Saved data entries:
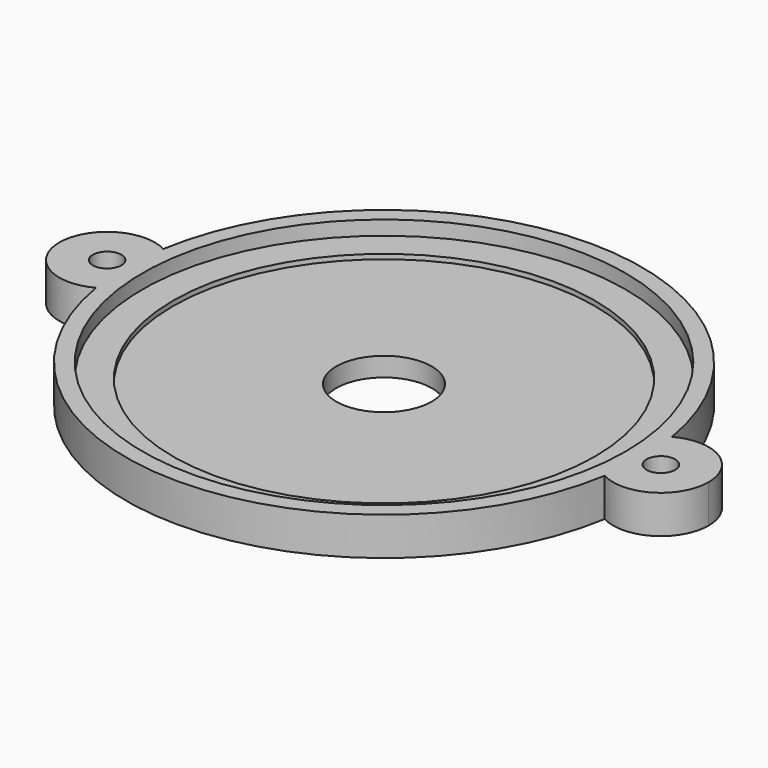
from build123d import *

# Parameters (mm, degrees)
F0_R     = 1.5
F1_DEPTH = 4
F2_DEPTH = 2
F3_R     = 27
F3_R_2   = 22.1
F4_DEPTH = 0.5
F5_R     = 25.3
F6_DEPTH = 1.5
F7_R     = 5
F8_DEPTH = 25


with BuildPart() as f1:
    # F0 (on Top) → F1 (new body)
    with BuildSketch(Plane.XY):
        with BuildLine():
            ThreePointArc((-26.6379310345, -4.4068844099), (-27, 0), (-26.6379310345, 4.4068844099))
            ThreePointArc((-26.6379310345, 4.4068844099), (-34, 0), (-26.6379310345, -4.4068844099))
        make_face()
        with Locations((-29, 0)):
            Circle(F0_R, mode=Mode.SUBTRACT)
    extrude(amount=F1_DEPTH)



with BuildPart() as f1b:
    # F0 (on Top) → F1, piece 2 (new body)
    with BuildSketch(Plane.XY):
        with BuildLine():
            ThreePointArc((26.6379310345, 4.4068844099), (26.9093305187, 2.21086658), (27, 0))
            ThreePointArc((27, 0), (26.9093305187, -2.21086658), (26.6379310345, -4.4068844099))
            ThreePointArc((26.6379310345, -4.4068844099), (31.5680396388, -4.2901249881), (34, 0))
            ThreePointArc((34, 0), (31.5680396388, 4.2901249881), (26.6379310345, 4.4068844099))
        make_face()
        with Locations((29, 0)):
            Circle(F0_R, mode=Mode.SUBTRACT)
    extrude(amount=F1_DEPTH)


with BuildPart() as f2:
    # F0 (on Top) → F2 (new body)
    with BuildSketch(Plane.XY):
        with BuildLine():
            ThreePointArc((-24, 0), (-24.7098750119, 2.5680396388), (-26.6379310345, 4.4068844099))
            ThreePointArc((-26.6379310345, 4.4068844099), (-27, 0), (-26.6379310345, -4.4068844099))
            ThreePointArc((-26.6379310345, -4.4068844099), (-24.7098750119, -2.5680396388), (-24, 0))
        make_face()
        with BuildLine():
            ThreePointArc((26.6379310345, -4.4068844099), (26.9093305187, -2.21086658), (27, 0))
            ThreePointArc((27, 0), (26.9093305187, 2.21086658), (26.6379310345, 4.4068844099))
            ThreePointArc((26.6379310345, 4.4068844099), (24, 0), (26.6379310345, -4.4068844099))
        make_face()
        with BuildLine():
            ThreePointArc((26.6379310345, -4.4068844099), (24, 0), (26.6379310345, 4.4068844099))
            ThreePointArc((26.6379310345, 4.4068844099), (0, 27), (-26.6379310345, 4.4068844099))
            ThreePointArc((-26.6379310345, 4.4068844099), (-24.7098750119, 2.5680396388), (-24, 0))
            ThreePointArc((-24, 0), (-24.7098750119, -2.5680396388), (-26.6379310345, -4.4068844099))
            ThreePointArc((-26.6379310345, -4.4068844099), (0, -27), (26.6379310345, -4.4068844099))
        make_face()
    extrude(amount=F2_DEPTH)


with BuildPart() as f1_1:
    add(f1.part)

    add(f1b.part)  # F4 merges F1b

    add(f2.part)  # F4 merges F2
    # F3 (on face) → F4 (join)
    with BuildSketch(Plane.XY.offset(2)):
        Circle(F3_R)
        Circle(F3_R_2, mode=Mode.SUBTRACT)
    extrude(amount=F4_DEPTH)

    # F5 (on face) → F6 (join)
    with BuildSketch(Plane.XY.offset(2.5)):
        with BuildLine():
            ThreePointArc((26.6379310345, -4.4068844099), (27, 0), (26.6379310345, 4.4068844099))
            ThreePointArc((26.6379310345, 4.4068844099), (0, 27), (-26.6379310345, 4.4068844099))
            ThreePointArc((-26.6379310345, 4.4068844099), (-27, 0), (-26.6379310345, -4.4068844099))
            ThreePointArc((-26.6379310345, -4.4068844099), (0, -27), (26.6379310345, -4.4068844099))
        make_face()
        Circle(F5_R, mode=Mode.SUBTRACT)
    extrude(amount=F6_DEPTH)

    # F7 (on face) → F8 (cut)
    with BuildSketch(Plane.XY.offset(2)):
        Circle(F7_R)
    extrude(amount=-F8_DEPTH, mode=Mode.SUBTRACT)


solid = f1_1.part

EXERCISE: Provide the count of lines above containing "Locations", without any added words.

TASK RESULT: 2